# Best morph this year. (Possible dreams)



## royal gecko (Nov 2, 2008)

Just a quick one to see what people are hoping for this year. What is the best morph that you are all planing to make and what are chances. Lets see who has their genetic dreams come true. 
For me the best is 1/8 Fire bee ( bumble bee x fire - two locks to date)
after that 1/8 pewter blast (cinamon x lemon blast - no locks but long time to go:whistling2

Lets see whats out there


----------



## cornmorphs (Jan 28, 2005)

The ones I most want are from poss hets, so we'll have to see...
but, plasma stripe is one, hypo cinder blood is another, ice blood/lava blood,


----------



## alan1 (Nov 11, 2008)

royal gecko said:


> 1/8 pewter blast (cinnamon x lemon blast)
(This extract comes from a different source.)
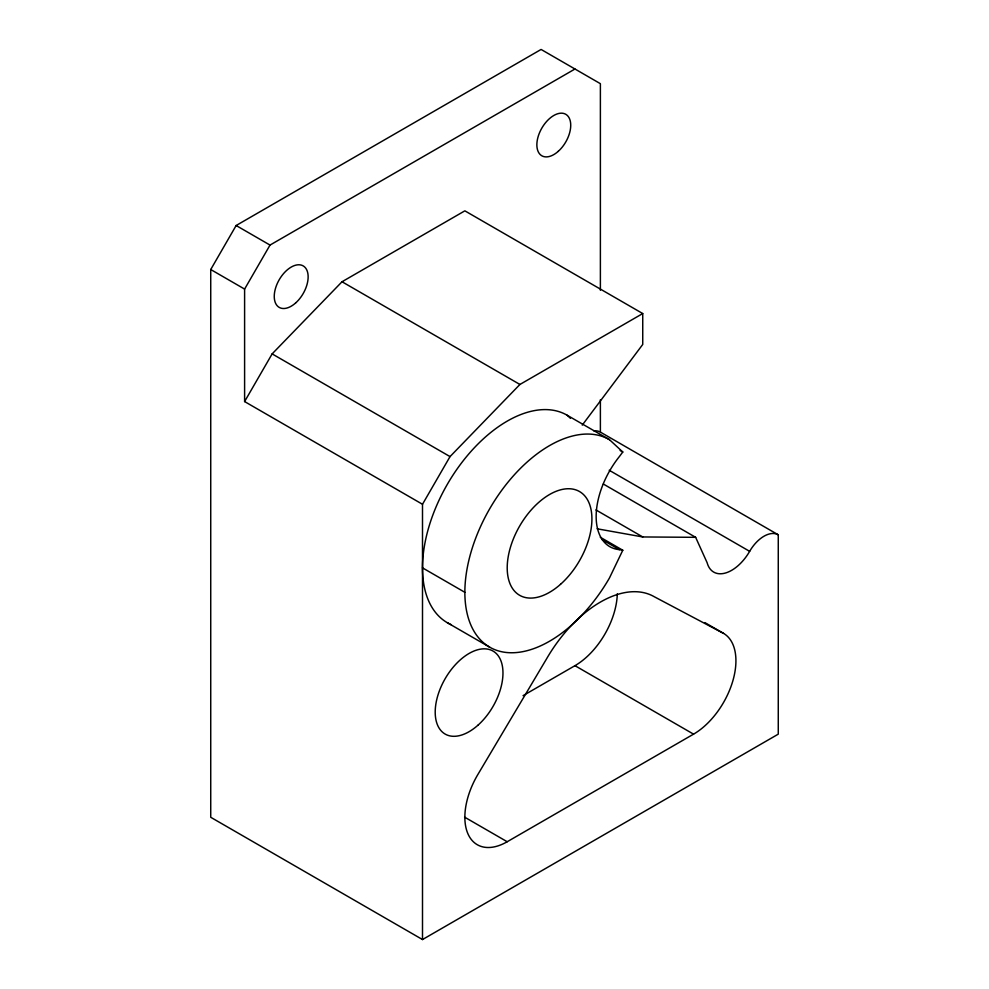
<?xml version="1.0" encoding="UTF-8"?>
<svg xmlns="http://www.w3.org/2000/svg" width="989" height="989" viewBox="0 0 989 989"><rect width="100%" height="100%" fill="white"/><g stroke="black" fill="none" stroke-linecap="round" stroke-linejoin="round"><path stroke-width="1.48" d="M600.286 537.25L622.786 550.243L609.459 577.984A119.793 69.168 -60 0 1 489.666 647.152L447.312 622.699M593.82 430.833A28.619 16.529 -60 0 1 600.385 432.106L778.269 534.814L778.269 734.147L422.501 939.55L210.731 817.285L210.731 269.527L236.136 225.517L541.094 49.45L600.385 83.682L600.385 290.272M422.501 939.55L422.501 504.279L244.604 401.571L244.604 289.085L270.022 245.074L574.968 69.007M244.604 401.571L272.136 353.889L342.021 281.754L464.855 210.842L642.739 313.55L642.739 344.444L582.261 425.122M422.501 504.279L450.032 456.597L519.917 384.461L642.739 313.55M451.33 624.727A119.793 69.168 -60 0 1 445.384 487.762A119.793 69.168 -60 0 1 567.105 415.207L609.459 439.66L622.786 452.01L619.448 456.473A65.892 38.039 -60 0 0 619.448 549.649L622.786 550.243M523.057 695.65L574.968 665.671A59.896 34.578 -60 0 0 617.309 593.734M723.515 633.368L654.298 596.75A107.813 62.245 -60 0 0 546.472 659.008L477.254 775.537A59.896 34.578 -60 0 0 468.081 834.135A59.896 34.578 -60 0 0 507.209 841.738L693.561 734.147A59.896 34.578 -60 0 0 732.701 681.359A59.896 34.578 -60 0 0 723.515 633.368L704.86 622.588M597.146 528.794L642.739 536.953L695.638 537.324L707.135 562.729A35.938 20.744 -60 0 0 749.65 551.343A28.619 16.529 -60 0 1 778.269 534.814M342.021 281.754L519.917 384.461M236.136 225.517L270.022 245.074M620.14 450.49L622.786 452.01M609.212 470.257L749.65 551.343M603.352 484.041L695.638 537.324M210.731 269.527L244.604 289.085M595.922 509.928L642.739 536.953M602.14 539.66L619.448 549.649M272.136 353.889L450.032 456.597M422.501 567.859L464.855 592.312M574.968 665.671L693.561 734.147M464.57 817.124L507.209 841.738M567.105 415.207L570.43 418.298M600.385 399.729L600.385 432.106M489.666 647.152A119.793 69.168 -60 0 1 489.666 508.828A119.793 69.168 -60 0 1 609.459 439.66M560.528 584.314A59.896 34.578 -60 0 0 579.505 491.533A59.896 34.578 -60 0 0 508.655 554.372A59.896 34.578 -60 0 0 560.528 584.314M477.86 725.296A47.917 27.667 -60 0 0 493.041 651.071A47.917 27.667 -60 0 0 436.359 701.337A47.917 27.667 -60 0 0 477.86 725.296M295.587 303.005A23.959 13.834 -60 0 0 303.178 265.893A23.959 13.834 -60 0 0 274.831 291.026A23.959 13.834 -60 0 0 295.587 303.005M558.179 151.404A23.959 13.834 -60 0 0 565.77 114.291A23.959 13.834 -60 0 0 537.435 139.424A23.959 13.834 -60 0 0 558.179 151.404"/></g></svg>

thought a pewter blast was a 'cinny super pastel pin' (4 gene)?
'pewter pin' or 'cinnablast' (3 gene) is what you've described

not 100% on this, but i'm fairly sure


----------



## alan1 (Nov 11, 2008)

killer queenbee (spider super pastel lesser) is my most hoped for...
killer bee x pastel lesser, 1:8 chance

would settle for a queen bee or super pastel lesser tho


----------



## nicole horsell (Aug 31, 2008)

alan1 said:


> killer queenbee (spider super pastel lesser) is my most hoped for...
> killer bee x pastel lesser, 1:8 chance
> 
> would settle for a queen bee or super pastel lesser tho


 
:gasp::notworthy: is that a uk 1st:whistling2:


----------



## alan1 (Nov 11, 2008)

nicole horsell said:


> :gasp::notworthy: is that a uk 1st:whistling2:


cbUK? quite possibly...
think there's 1 or 2 others who might be shooting for it
all depends who hatches one first


----------



## Athravan (Dec 28, 2006)

I'm keeping it simple this year, cutting down a bit. Hoping for some stripey corns, - bloodred stripes, granite stripes, creamsicle stripes & butter stripes.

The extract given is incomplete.